The crooked roads shall become straight,
the rough ways smooth.
6
And all people will see God’s
salvation.’”
It’s
a bit of challenge getting into church what with the pylons and roadwork here
on University Drive. To say it’s a bit
of a nuisance is to put it mildly. My
brother-in-law’s company, Jagoe Public, is big into this particular project,
yet they are rather “mum” on a completion date.
A report from about a year ago revealed that nothing was scheduled, in
the city of Denton roadwork project (different from I-35 Express), for Hinkle
Drive; there was something about the soil underneath the asphalt and the
infrastructure that had to be dealt with first.
Meanwhile, we drive up and down Hinkle and our teeth chatter as we hit
the blips and bumps on the aging surface.
I wish I had better news for you on that front.
This
past Tuesday was quite informative. I
sat in the morning Rotary meeting at Oakmont Country Club in Corinth. The representative from the “I35 Express”

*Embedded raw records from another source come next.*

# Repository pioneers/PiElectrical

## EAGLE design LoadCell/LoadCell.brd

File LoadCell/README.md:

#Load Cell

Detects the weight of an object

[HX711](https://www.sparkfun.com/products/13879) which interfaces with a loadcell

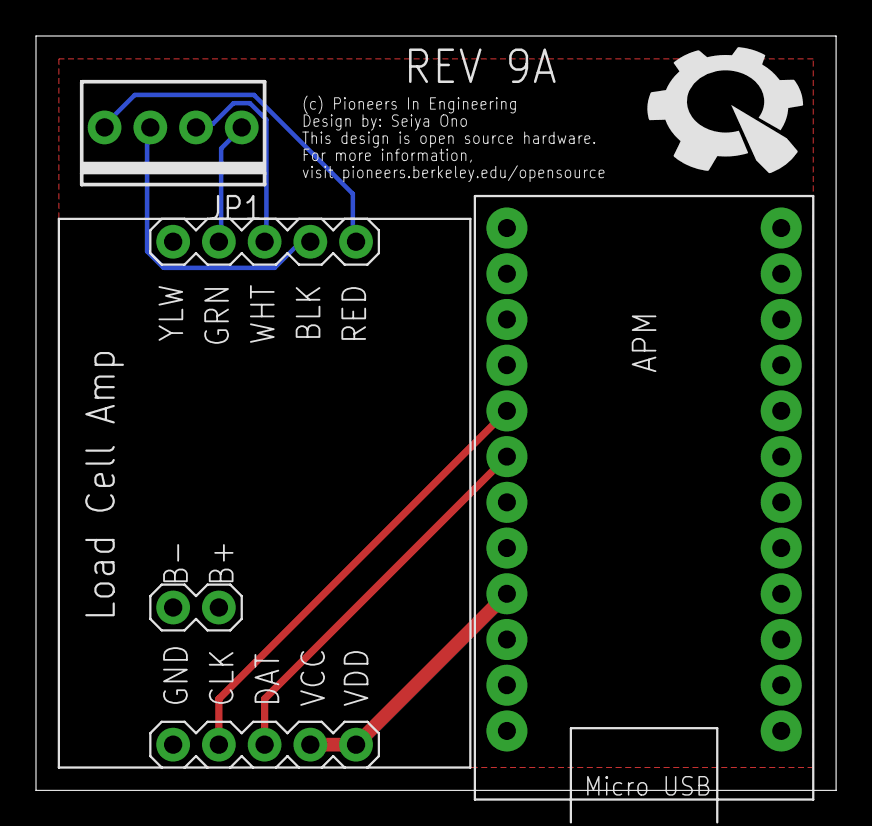
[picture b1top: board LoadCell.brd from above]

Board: 2 copper layers, 44.5 x 41.9 mm, 4 parts (0 on the bottom side), 8 nets.

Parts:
APM: ARDUINO_PRO_MICRO
IC1: LOADCELL_AMP
JP1: 1X04-MTA
U$3: PIE-LOGO-SMALL

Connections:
CLK: APM.A0, IC1.CLK
DAT: APM.A1, IC1.DAT
GND: APM.GND@1, IC1.GND
unnamed: IC1.BLK, JP1.3
unnamed: IC1.RED, JP1.4
unnamed: IC1.WHT, JP1.2
unnamed: IC1.GRN, JP1.1
VCC: APM.VCC, IC1.VCC, IC1.VDD

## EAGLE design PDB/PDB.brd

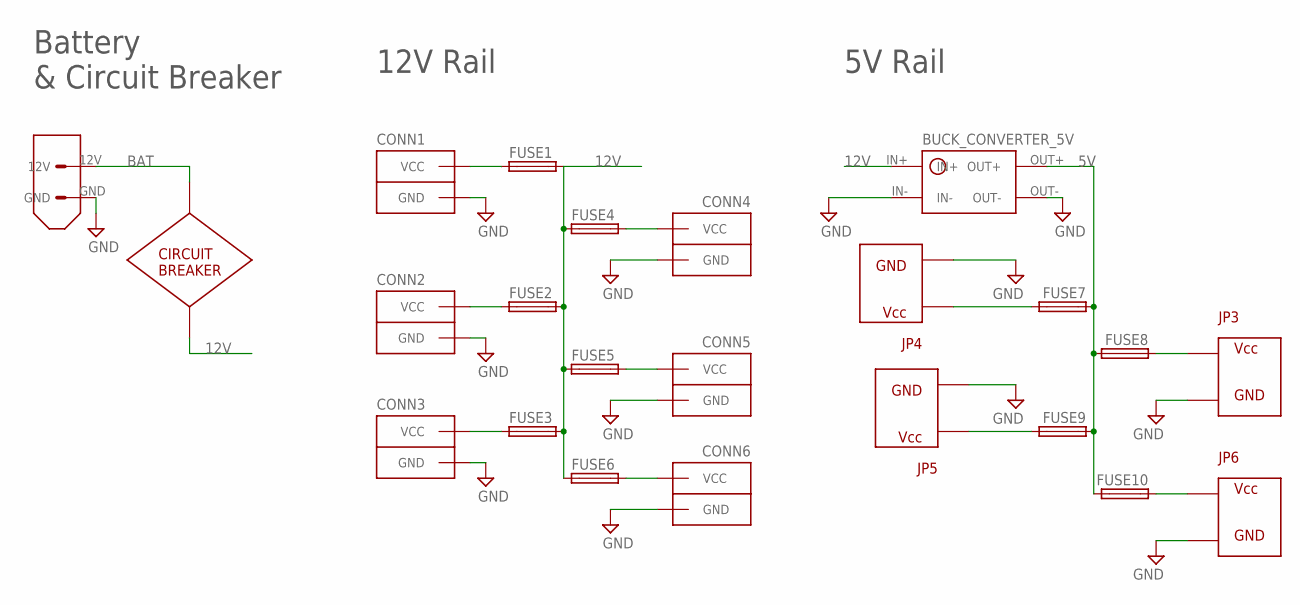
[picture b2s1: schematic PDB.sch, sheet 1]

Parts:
CIRCUIT_BREAKER: CIRC_BREAKER
CONN1, CONN2, CONN3, CONN4, CONN5, CONN6: ANDERSONVERTICAL; ANDERSON_VERTICAL
FUSE1, FUSE2, FUSE3, FUSE4, FUSE5, FUSE6, FUSE7, FUSE8, FUSE9, FUSE10: FUSE_HOLDER_SMD
JP3, JP4, JP5, JP6: ATX
U$7: BUCK_CONVERTER_5V
XT60: XT60CONNECTOR

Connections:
5V: FUSE7.P$1_DOWN (1), FUSE7.P$1_UP (1), FUSE8.P$2_DOWN (2), FUSE8.P$2_UP (2), FUSE9.P$1_DOWN (1), FUSE9.P$1_UP (1), FUSE10.P$2_DOWN (2), FUSE10.P$2_UP (2), U$7.OUT+; also elsewhere on the board
12V: CIRCUIT_BREAKER.P$2, FUSE1.P$2_DOWN (2), FUSE1.P$2_UP (2), FUSE2.P$2_DOWN (2), FUSE2.P$2_UP (2), FUSE3.P$2_DOWN (2), FUSE3.P$2_UP (2), FUSE4.P$1_DOWN (1), FUSE4.P$1_UP (1), FUSE5.P$1_DOWN (1), FUSE5.P$1_UP (1), FUSE6.P$1_DOWN (1), FUSE6.P$1_UP (1), U$7.IN+
BAT: CIRCUIT_BREAKER.P$1, XT60.12V
BCELL1: JP3.2; also elsewhere on the board
BCELL2: JP3.3; also elsewhere on the board
BCELL3: JP3.4; also elsewhere on the board
BGND: JP3.1; also elsewhere on the board
GND: CONN1.PIN1 (GND), CONN2.PIN1 (GND), CONN3.PIN1 (GND), CONN4.PIN1 (GND), CONN5.PIN1 (GND), CONN6.PIN1 (GND), JP3.P$2, JP4.P$2, JP5.P$2, JP6.P$2, U$7.IN-, U$7.OUT-, XT60.GND; also elsewhere on the board
VOUT1: CONN1.PIN2 (VCC), FUSE1.P$1_DOWN (1), FUSE1.P$1_UP (1)
VOUT2: CONN2.PIN2 (VCC), FUSE2.P$1_DOWN (1), FUSE2.P$1_UP (1)
VOUT3: CONN3.PIN2 (VCC), FUSE3.P$1_DOWN (1), FUSE3.P$1_UP (1)
VOUT4: CONN4.PIN2 (VCC), FUSE4.P$2_DOWN (2), FUSE4.P$2_UP (2)
VOUT5: CONN5.PIN2 (VCC), FUSE5.P$2_DOWN (2), FUSE5.P$2_UP (2)
VOUT6: CONN6.PIN2 (VCC), FUSE6.P$2_DOWN (2), FUSE6.P$2_UP (2)
VOUT7: FUSE7.P$2_DOWN (2), FUSE7.P$2_UP (2), JP4.P$1; also elsewhere on the board
VOUT8: FUSE8.P$1_DOWN (1), FUSE8.P$1_UP (1), JP3.P$1; also elsewhere on the board
VOUT9: FUSE9.P$2_DOWN (2), FUSE9.P$2_UP (2), JP5.P$1; also elsewhere on the board
VOUT10: FUSE10.P$1_DOWN (1), FUSE10.P$1_UP (1), JP6.P$1; also elsewhere on the board

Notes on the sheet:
Battery & Circuit Breaker
12V Rail
5V Rail

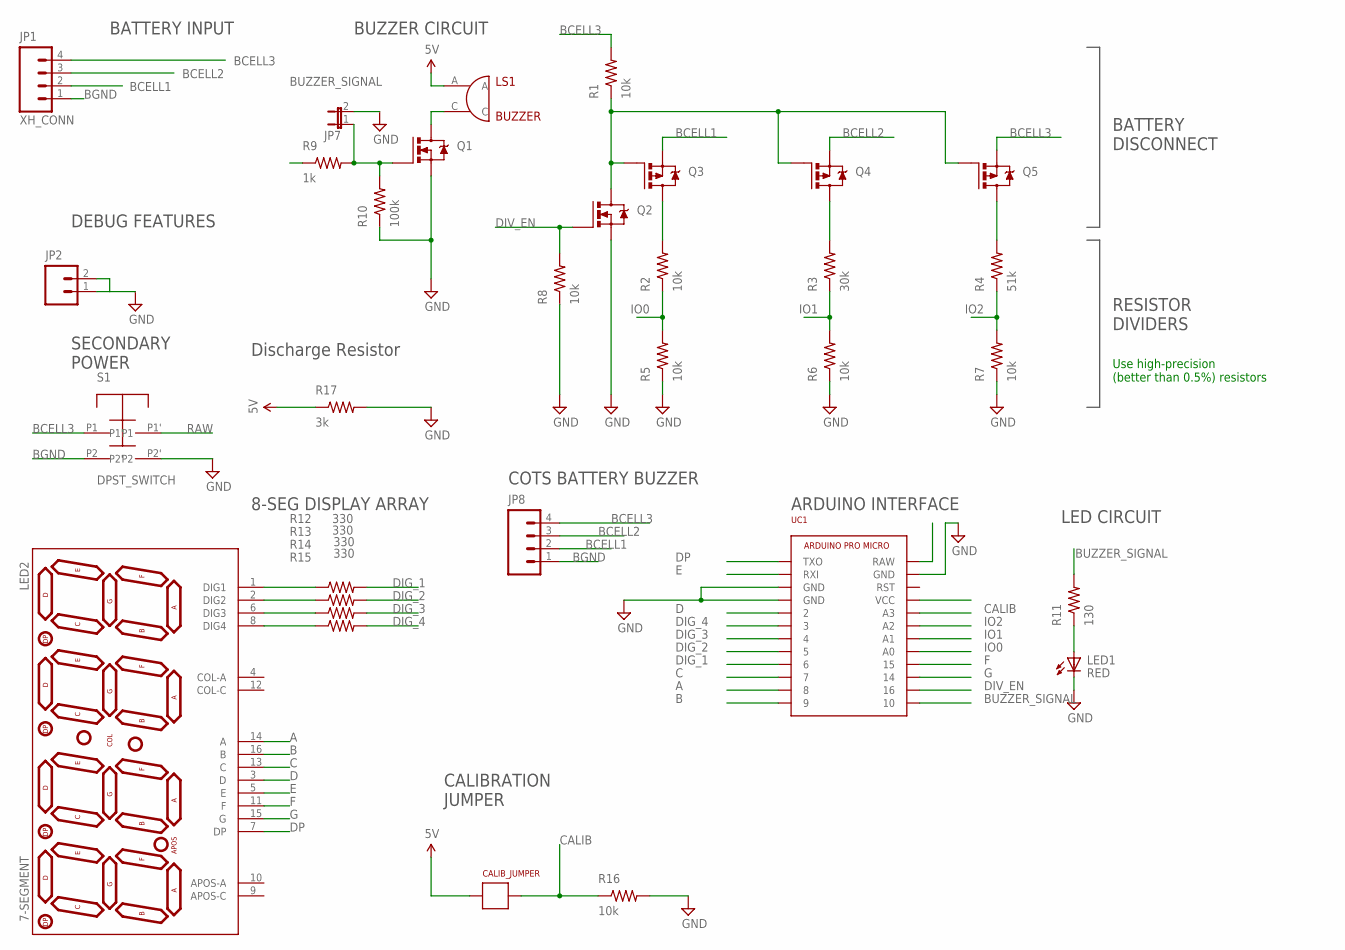
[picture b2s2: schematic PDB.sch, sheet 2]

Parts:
CALIB_JUMPER: JUMPER
JP1: XH_CONN; XH_CONNECTOR_4POS_2.5MM
JP2: M02PTH; 1X02
JP7: JP1E; JP1
JP8: M04PTH; 1X04
LED1: RED; LED-0805
LED2: 7-SEGMENT; 7-SEGMENT-4DIGIT-YOUNGSUN
LS1: BUZZER; BUZZER_MAGNETIC_5V_12MM_RADIAL
Q1: NMOS; SOT23-3
Q2: IRFML8244; SOT23-3
Q3, Q4, Q5: PMOS; SOT23-3
R1, R2, R5, R6, R7, R8, R16: 10k; R0603
R3: 30k; R0603
R4: 51k; R0603
R9: 1k; R0603
R10: 100k; R0603
R11: 130; R0603
R12, R13, R14, R15: 330; R0603
R17: 3k; R0603
S1: DPST_SWITCH; C&K_SWITCH
UC1: ARDUINO_PRO_MICRO

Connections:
5V: CALIB_JUMPER.P$1, LS1.A, R17.1, UC1.VCC; also elsewhere on the board
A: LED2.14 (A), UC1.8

project was on hand – complete with a PowerPoint presentation that seemed up to
date. We were briefed on the progress
made so far on this massive expansion project, 28 miles in all, from University
Drive here in town all the way down south to 635. The project is in two phases. First phase is set to be complete in 2017. In
addition, it is paid for – or, at least, the money is accounted for. Phase II, however, well, they don’t the
accounting – or the money, I should say – for that. It’s a 3.5 billion dollar price tag. Total price is five billion and some change.
Now
we throw the Bucee’s convenience store – with, reportedly, 95 gas pumps, into
the conversation. Supporters had their Bucee’s t-shirts on at
City Council last week. Proposed site is
there just south of I35 and Loop 288. One councilman whose business has interest in the
potential Bucee’s property recused himself from the discussion. Then, in an “11th hour” change of
heart, he went ahead and voted for it anyway while giving his word that he
would not a make a cent of personal profit on the effort. Uh huh.
Meanwhile,
back at Oakmont on Tuesday, I-35 Express as it relates to Bucee’s was
discussed. Then we turned to the I-35/Loop
288 interchange. That’s slated for Phase
II (unfunded), and Bucee’s won’t pull the trigger until that bridge/overpass is
done. Well, that throws everything into
a tizzy, doesn’t it? A city manager-type
that I know acknowledged that big brother was watching us – or, at least, our
traffic patterns – with all these cords stretched across our neighborhood
roads; they want to see what routes we are taking. Hopefully, they’re just planning ahead.
I
sat there thinking to myself: “This all
had to be done eventually; it was not a matter of if but of when. You can only patch things up for so
long. Roads crumble; bridges become
unstable. The sheer number of cars that
motor over these interstates, exchanges, and overpasses has taken quantum
leaps. Without change, we won’t be able
to handle change.
When
word came to John, the son of Zechariah and Elizabeth, he thought nothing of
profit and did not recuse himself. The
word of God came to him, and he began the project. It was Isaiah, the Old Testament prophet, who
had the original engineering blueprint and plan. But now the time had come to start the word
work:
Prepare
the way for the Lord, make straight paths for him. Every valley shall be filled in, every
mountain and hill made low. The crooked
roads shall become straight, the rough ways smooth. And all people will see God’s salvation.
All
the things, the old worn out things, patched up over time but ultimately
crumbling down, will be removed so that the Lord, the bringer of salvation, has
safe and easy access to you and me. His
plan countenances no detours, no pylons, no side streets. His road is smooth and direct. It comes straight to us, for He is our
Immanuel (which means “God with us”).
Practically
speaking, it was not a bond issue that ties us in to the project. It was what John preached: a baptism of repentance toward the forgiveness
of sins. Those old, well traveled, worn
out, crumbling down ideas about God are washed away. Something – someone! – new is on the
horizon. Minds are changed; that’s what
repentance means. And what of the
forgiveness of sins? No longer would it
be transaction after transaction after transaction -- our bloody sacrifices of animals in return
for ritual purity.
John
the Baptist’s message did not trumpet forth from the warm confines of a
synagogue or church closeted behind closed doors. He was out there! He was in the wilderness. His word from God drew all kinds of crowds,
and His word hit home.
I
remember my wilderness times, as I call them.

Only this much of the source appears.